This book investigates how subjectivity is encoded in the texts of a wide variety of medieval narratives and lyrics - not how they express the subjectivity of individuals, but how subjectivity, escaping the bounds of individuality, is incorporated in the linguistic fabric of their texts. Most of the poems discussed are in English, and the book includes analyses of Chaucer's Troilus and Criseyde, Man of Law's Tale, and Complaint Unto Pity, the works of the Pearl poet, Havelok the Dane, the lyric sequence attributed to Charles of Orleans (the earliest such sequence in English), and many anonymous poems. It also devotes sections to Ovid's Heroides and to poems by the troubadour Bernart de Ventadorn. For the first time, it brings to bear on medieval narratives and lyrics a body of theory which denies the supposed necessity for literary texts to have narrators or 'speakers', and in doing so reveals the implausibilities into which a dogmatic assumption of this necessity has led much of the last century's criticism.

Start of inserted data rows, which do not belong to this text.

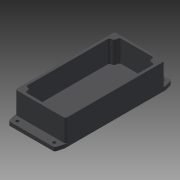
# Autodesk Inventor part: NEAMBoxLarge
Saved by Autodesk Inventor 2014 (Build 180170000, 170)
## iProperties
Created: 2015-04-18
Part Number: NEAMBoxLarge
Material: Generic
Document SubType Name: Modeling
Designer: Owner
Density: 1 g/cm^3
Appearance: Gray
Author: Owner
Autodesk Inventor part; units mm, degrees
ref_plane "YZ Plane" through (0, 0, 0) normal (1, 0, 0) x (0, 1, 0)
ref_plane "XZ Plane" through (0, 0, 0) normal (0, 1, 0) x (-1, 0, 0)
ref_plane "XY Plane" through (0, 0, 0) normal (0, 0, 1) x (1, 0, 0)
sketch "Sketch1" plane through (0, 0, 0) normal (0, 1, 0) x (-1, 0, 0)
  line L0 (-41.2899, 41.3823) -> (28.4387, 41.3823)
  line L1 (34.2779, 28.6823) -> (34.2779, -135.3255)
  line L2 (28.4387, -148.0255) -> (-41.2899, -148.0255)
  line L3 (-47.1291, -135.3255) -> (-47.1291, 28.6823)
  line L4 (-47.1291, 28.6823) -> (34.2779, 28.6823)
  line L5 (-47.1291, -135.3255) -> (34.2779, -135.3255)
  line L6 (34.2779, -135.3255) -> (31.5055, -145.6722)
  line L7 (-47.1291, -135.3255) -> (-44.3567, -145.6722)
  line L8 (-47.1291, 28.6823) -> (-44.3567, 39.0291)
  line L9 (34.2779, 28.6823) -> (31.5055, 39.0291)
  arc A0 (-44.3567, -145.6722) -> (-41.2899, -148.0255) centre (-41.2899, -144.8505) ccw
  arc A1 (28.4387, -148.0255) -> (31.5055, -145.6722) centre (28.4387, -144.8505) ccw
  arc A2 (31.5055, 39.0291) -> (28.4387, 41.3823) centre (28.4387, 38.2073) ccw
  arc A3 (-41.2899, 41.3823) -> (-44.3567, 39.0291) centre (-41.2899, 38.2073) ccw
  circle A4 centre (-36.423, -141.0151) radius 2.5019
  circle A5 centre (23.5718, -141.0151) radius 2.5019
  circle A6 centre (-36.423, 34.3719) radius 2.5019
  circle A7 centre (23.5718, 34.3719) radius 2.5019
  line L10 (-6.4256, 41.3823) -> (-6.4256, -148.0255) construction
  point P0 (0, 0)
  dimension "d2" = 12.7
  dimension "d3" = 12.7
  dimension "d4" = 15
  dimension "d5" = 15
  dimension "d6" = 15
  dimension "d7" = 81.407
  dimension "d8" = 189.4078
  dimension "d9" = 3.175
  dimension "d10" = 7.0104
  dimension "d11" = 7.0104
  dimension "d12" = 7.0104
  dimension "d13" = 7.0104
  dimension "d14" = 59.9948
  dimension "d15" = 59.9948
  dimension "d16" = 5.0038
  dimension "d17" = 5.0038
  dimension "d18" = 5.0038
  dimension "d19" = 5.0038
  dimension "d20" = 29.9974
  dimension "d21" = 29.9974
  constraints: 22 end point, 8 centre point, 8 point on circle, 8 tangent, 3 equal radius, 3 parallel, 3 perpendicular, 2 midpoint, 1 horizontal
  measures "d2" distance between parallel lines of L0 L4
  measures "d3" distance between parallel lines of L2 L5
  measures "d4" angle of L3 L8
  measures "d5" angle of L1 L9
  measures "d6" angle of L1 L6
  measures "d7" distance between parallel lines of L1 L3
  measures "d8" distance between parallel lines of L2 L0
  measures "d9" radius of A0
  measures "d10" distance from line of L0 A6.centre
  measures "d11" distance from line of L0 A7.centre
  measures "d12" distance from line of L2 A4.centre
  measures "d13" distance from line of L2 A5.centre
  measures "d14" distance of A5.centre A4.centre
  measures "d15" distance of A7.centre A6.centre
  measures "d16" diameter of A4
  measures "d17" diameter of A5
  measures "d18" diameter of A7
  measures "d19" diameter of A6
  measures "d20" distance from line of A7.centre L10
  measures "d21" distance from line of A5.centre L10
extrude "Extrusion1" add sketch "Sketch1" along normal blind 5.9944
sketch "Sketch2" plane through (0, 5.9944, 0) normal (0, 1, 0) x (1, 0, 0)
  line L0 (47.1291, -28.6823) -> (47.1291, 135.3255) projected
  line L1 (41.2899, 148.0255) -> (-28.4387, 148.0255) projected
  line L2 (-34.2779, 135.3255) -> (-34.2779, -28.6823) projected
  line L3 (-31.1029, 133.9285) -> (43.9541, 133.9285)
  line L4 (47.1291, 130.7535) -> (47.1291, -24.0849)
  line L5 (43.9541, -27.2599) -> (-31.1029, -27.2599)
  line L6 (-34.2779, -24.0849) -> (-34.2779, 130.7535)
  arc A0 (-34.2779, -24.0849) -> (-31.1029, -27.2599) centre (-31.1029, -24.0849) ccw
  arc A1 (43.9541, -27.2599) -> (47.1291, -24.0849) centre (43.9541, -24.0849) ccw
  arc A2 (47.1291, 130.7535) -> (43.9541, 133.9285) centre (43.9541, 130.7535) ccw
  arc A3 (-31.1029, 133.9285) -> (-34.2779, 130.7535) centre (-31.1029, 130.7535) ccw
  point P0 (0, 0)
  point P1 (-34.2779, 133.9285)
  point P2 (47.1291, -27.2599)
  dimension "d25" = 161.1884
  dimension "d26" = 14.097
  dimension "d27" = 3.175
  constraints: 8 end point, 8 point on circle, 8 tangent, 6 point on line, 4 centre point, 3 equal radius, 2 parallel, 1 horizontal, 1 perpendicular
  measures "d25" distance between parallel lines of L3 L5
  measures "d26" distance between parallel lines of L3 L1
  measures "d27" radius of A0
extrude "Extrusion2" add sketch "Sketch2" along normal blind 35.5092
sketch "Sketch3" plane through (0, 41.5036, 0) normal (0, 1, 0) x (1, 0, 0)
  line L0 (-34.2779, 130.7535) -> (-34.2779, -24.0849) projected
  line L1 (43.9541, 133.9285) -> (-31.1029, 133.9285) projected
  line L2 (42.9, 118.3456) -> (42.9, -11.2706)
  line L3 (-30.0488, -11.2706) -> (-30.0488, 118.3456)
  line L4 (-19.4443, 130.0169) -> (30.4413, 130.0169)
  line L5 (30.4413, -22.9419) -> (-19.4443, -22.9419)
  arc A0 (33.6163, 126.8419) -> (30.4413, 130.0169) centre (30.4413, 126.8419) ccw
  arc A1 (-19.4443, 130.0169) -> (-22.6193, 126.8419) centre (-19.4443, 126.8419) ccw
  arc A2 (-22.6193, -19.7669) -> (-19.4443, -22.9419) centre (-19.4443, -19.7669) ccw
  arc A3 (30.4413, -22.9419) -> (33.6163, -19.7669) centre (30.4413, -19.7669) ccw
  arc A4 (-30.0488, -11.2706) -> (-26.8738, -14.4456) centre (-26.8738, -11.2706) ccw
  arc A5 (-26.8738, 121.5206) -> (-30.0488, 118.3456) centre (-26.8738, 118.3456) ccw
  arc A6 (42.9, 118.3456) -> (39.725, 121.5206) centre (39.725, 118.3456) ccw
  arc A7 (39.725, -14.4456) -> (42.9, -11.2706) centre (39.725, -11.2706) ccw
  line L6 (33.6163, 126.8419) -> (33.6163, 126.0164)
  line L7 (33.6163, -18.9414) -> (33.6163, -19.7669)
  line L8 (-22.6193, -19.7669) -> (-22.6193, -18.9414)
  line L9 (-22.6193, 126.0164) -> (-22.6193, 126.8419)
  line L10 (39.725, -14.4456) -> (38.1121, -14.4456)
  line L11 (-27.1151, -14.4456) -> (-26.8738, -14.4456)
  line L12 (-26.8738, 121.5206) -> (-27.1151, 121.5206)
  line L13 (38.1121, 121.5206) -> (39.725, 121.5206)
  arc A8 (38.1121, -14.4456) -> (33.6163, -18.9414) centre (38.1121, -18.9414) ccw
  arc A9 (33.6163, 126.0164) -> (38.1121, 121.5206) centre (38.1121, 126.0164) ccw
  arc A10 (-27.1151, 121.5206) -> (-22.6193, 126.0164) centre (-27.1151, 126.0164) ccw
  arc A11 (-22.6193, -18.9414) -> (-27.1151, -14.4456) centre (-27.1151, -18.9414) ccw
  point P0 (0, 0)
  point P1 (42.9, 76.4991)
  point P2 (42.9, 110.1795)
  point P3 (-30.0488, 76.4991)
  point P4 (-22.7463, 130.0169)
  point P5 (33.6163, -22.9419)
  point P6 (33.6163, 130.0169)
  dimension "d30" = 56.3626
  dimension "d32" = 152.9588
  dimension "d35" = 72.9488
  dimension "d36" = 4.2291
  dimension "d37" = 3.9116
  dimension "d38" = 3.175
  dimension "d39" = 4.4958
  dimension "d42" = 135.9662
  dimension "d43" = 8.4963
  constraints: 32 tangent, 24 end point, 24 point on circle, 12 centre point, 10 equal radius, 10 parallel, 6 point on line, 4 perpendicular, 3 horizontal
  measures "d30" distance of point (-22.746, 130.017) point (33.616, 130.017)
  measures "d32" distance of point (33.616, 130.017) point (33.616, -22.942)
  measures "d35" distance of point (42.9, 76.499) point (-30.049, 76.499)
  measures "d36" distance between parallel lines of L0 L3
  measures "d37" distance between parallel lines of L1 L4
  measures "d38" radius of A0
  measures "d39" radius of A8
  measures "d42" distance between parallel lines of L13 L10
  measures "d43" distance between parallel lines of L13 L4
extrude "Extrusion3" cut sketch "Sketch3" against normal blind 35.5092
body "Solid1"

Textual Subjectivity brings to Medieval poems for the first time an approach which denies the need to understand them as expressions of individual consciousness. Modern theory liberates medieval narratives and lyrics from interpretative assumptions so deep-rooted as to have become invisible, and leads to original readings of major and minor poems.
...refreshing and important... This is a book, in short, that should be read and pondered by every medievalist, and by most modernists too: a clear breeze that disperses the obfuscations of many decades to leave the poets visible once again.